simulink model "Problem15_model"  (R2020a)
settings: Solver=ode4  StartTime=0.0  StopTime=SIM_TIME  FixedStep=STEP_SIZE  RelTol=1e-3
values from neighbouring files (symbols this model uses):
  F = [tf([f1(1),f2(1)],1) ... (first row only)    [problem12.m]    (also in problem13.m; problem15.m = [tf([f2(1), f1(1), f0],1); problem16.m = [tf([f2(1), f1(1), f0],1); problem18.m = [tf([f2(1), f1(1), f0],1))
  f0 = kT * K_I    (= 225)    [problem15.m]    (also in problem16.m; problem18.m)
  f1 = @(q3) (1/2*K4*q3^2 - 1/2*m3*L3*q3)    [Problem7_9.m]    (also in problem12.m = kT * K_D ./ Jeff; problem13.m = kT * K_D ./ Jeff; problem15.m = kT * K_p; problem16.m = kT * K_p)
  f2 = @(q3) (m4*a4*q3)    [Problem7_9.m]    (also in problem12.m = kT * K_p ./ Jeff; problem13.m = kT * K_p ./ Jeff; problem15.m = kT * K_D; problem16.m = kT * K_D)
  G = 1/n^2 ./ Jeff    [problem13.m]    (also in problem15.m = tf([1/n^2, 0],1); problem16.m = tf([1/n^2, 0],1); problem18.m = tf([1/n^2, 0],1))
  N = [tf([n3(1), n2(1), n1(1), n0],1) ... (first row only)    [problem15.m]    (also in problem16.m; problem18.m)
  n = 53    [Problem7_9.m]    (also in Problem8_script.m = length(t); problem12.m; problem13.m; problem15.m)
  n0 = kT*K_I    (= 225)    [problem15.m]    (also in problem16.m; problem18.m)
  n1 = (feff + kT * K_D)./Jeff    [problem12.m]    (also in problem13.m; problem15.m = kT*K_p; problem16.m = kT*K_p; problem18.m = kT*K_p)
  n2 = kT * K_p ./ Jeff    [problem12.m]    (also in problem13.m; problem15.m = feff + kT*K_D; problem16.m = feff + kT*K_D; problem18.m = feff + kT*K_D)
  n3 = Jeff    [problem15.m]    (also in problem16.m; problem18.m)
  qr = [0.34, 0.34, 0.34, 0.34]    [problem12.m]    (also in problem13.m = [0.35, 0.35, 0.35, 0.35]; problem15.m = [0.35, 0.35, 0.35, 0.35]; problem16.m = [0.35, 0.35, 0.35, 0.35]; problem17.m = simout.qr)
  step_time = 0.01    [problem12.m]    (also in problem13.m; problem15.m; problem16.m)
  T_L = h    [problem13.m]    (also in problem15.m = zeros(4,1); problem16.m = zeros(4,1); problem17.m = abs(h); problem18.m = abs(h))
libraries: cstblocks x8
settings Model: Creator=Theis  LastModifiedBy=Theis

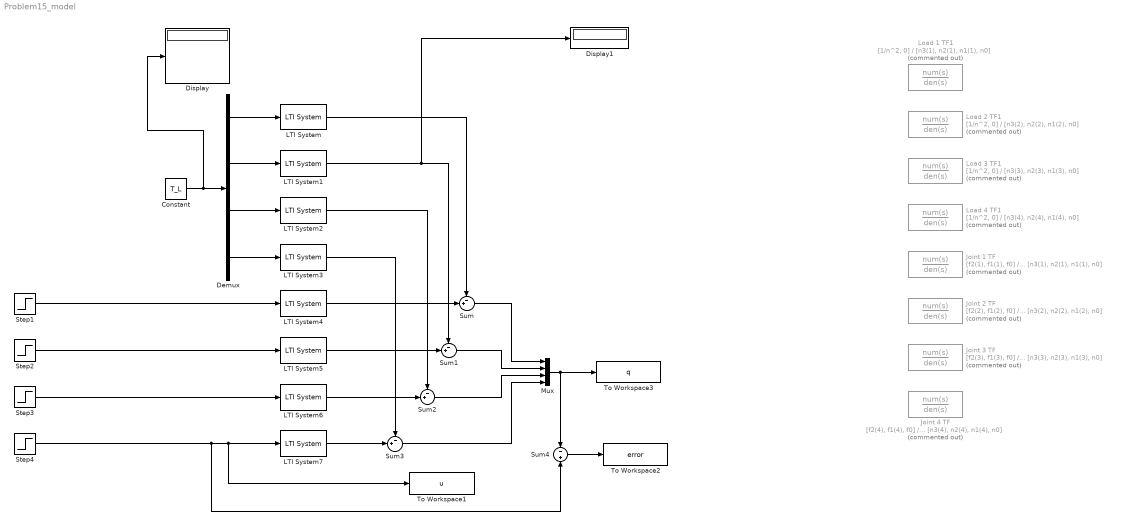
== system Problem15_model ==
  Constant : Constant  Value=T_L
  Demux : Demux
  Display : Display
  Display1 : Display
  Joint 1 TF : TransferFcn  Commented=on  Numerator=[f2(1), f1(1), f0]  Denominator=[n3(1), n2(1), n1(1), n0]
  Joint 2 TF : TransferFcn  Commented=on  Numerator=[f2(2), f1(2), f0]  Denominator=[n3(2), n2(2), n1(2), n0]
  Joint 3 TF : TransferFcn  Commented=on  Numerator=[f2(3), f1(3), f0]  Denominator=[n3(3), n2(3), n1(3), n0]
  Joint 4 TF : TransferFcn  Commented=on  Numerator=[f2(4), f1(4), f0]  Denominator=[n3(4), n2(4), n1(4), n0]
  LTI System : cstblocks/LTI System  sys=G/N(1)  IC=[]
  LTI System1 : cstblocks/LTI System  sys=G/N(2)  IC=[]
  LTI System2 : cstblocks/LTI System  sys=G/N(3)  IC=[]
  LTI System3 : cstblocks/LTI System  sys=G/N(4)  IC=[]
  LTI System4 : cstblocks/LTI System  sys=F(1)/N(1)  IC=[]
  LTI System5 : cstblocks/LTI System  sys=F(2)/N(2)  IC=[]
  LTI System6 : cstblocks/LTI System  sys=F(3)/N(3)  IC=[]
  LTI System7 : cstblocks/LTI System  sys=F(4)/N(4)  IC=[]
  Load 1 TF1 : TransferFcn  Commented=on  Numerator=[1/n^2, 0]  Denominator=[n3(1), n2(1), n1(1), n0]
  Load 2 TF1 : TransferFcn  Commented=on  Numerator=[1/n^2, 0]  Denominator=[n3(2), n2(2), n1(2), n0]
  Load 3 TF1 : TransferFcn  Commented=on  Numerator=[1/n^2, 0]  Denominator=[n3(3), n2(3), n1(3), n0]
  Load 4 TF1 : TransferFcn  Commented=on  Numerator=[1/n^2, 0]  Denominator=[n3(4), n2(4), n1(4), n0]
  Mux : Mux
  Step1 : Step  Time=step_time  After=qr(1)  SampleTime=0
  Step2 : Step  Time=step_time  After=qr(2)  SampleTime=0
  Step3 : Step  Time=step_time  After=qr(3)  SampleTime=0
  Step4 : Step  Time=step_time  After=qr(4)  SampleTime=0
  Sum{,1..3} (4 alike) : Sum  Inputs=-+|
  Sum4 : Sum  Inputs=-|+
  To Workspace1 : ToWorkspace  VariableName=u  SaveFormat=Timeseries  SampleTime=-1
  To Workspace2 : ToWorkspace  VariableName=error  SaveFormat=Timeseries  SampleTime=-1
  To Workspace3 : ToWorkspace  VariableName=q  SaveFormat=Timeseries  SampleTime=-1
  wires:
  Mux/1 -> To Workspace3/1, Sum4/1
  Sum/1 -> Mux/1
  Sum1/1 -> Mux/2
  Sum2/1 -> Mux/3
  Sum3/1 -> Mux/4
  Step3/1 -> LTI System6/1
  Step2/1 -> LTI System5/1
  Step1/1 -> LTI System4/1
  Step4/1 -> Sum4/2, To Workspace1/1, LTI System7/1
  Constant/1 -> Display/1, Demux/1
  LTI System4/1 -> Sum/2
  LTI System5/1 -> Sum1/2
  LTI System6/1 -> Sum2/2
  LTI System7/1 -> Sum3/2
  Demux/1 -> LTI System/1
  Demux/2 -> LTI System1/1
  Demux/3 -> LTI System2/1
  Demux/4 -> LTI System3/1
  LTI System3/1 -> Sum3/1
  LTI System2/1 -> Sum2/1
  LTI System1/1 -> Display1/1, Sum1/1
  LTI System/1 -> Sum/1
  Sum4/1 -> To Workspace2/1
==========
→ What is needed: Write out only the lines that run from the line containing "problem12.m; problem13.m; problem15.m)" through the line containing "n0 = kT*K_I", both included, exactly as they appear above.

→ Finished exercise:
  n = 53    [Problem7_9.m]    (also in Problem8_script.m = length(t); problem12.m; problem13.m; problem15.m)
  n0 = kT*K_I    (= 225)    [problem15.m]    (also in problem16.m; problem18.m)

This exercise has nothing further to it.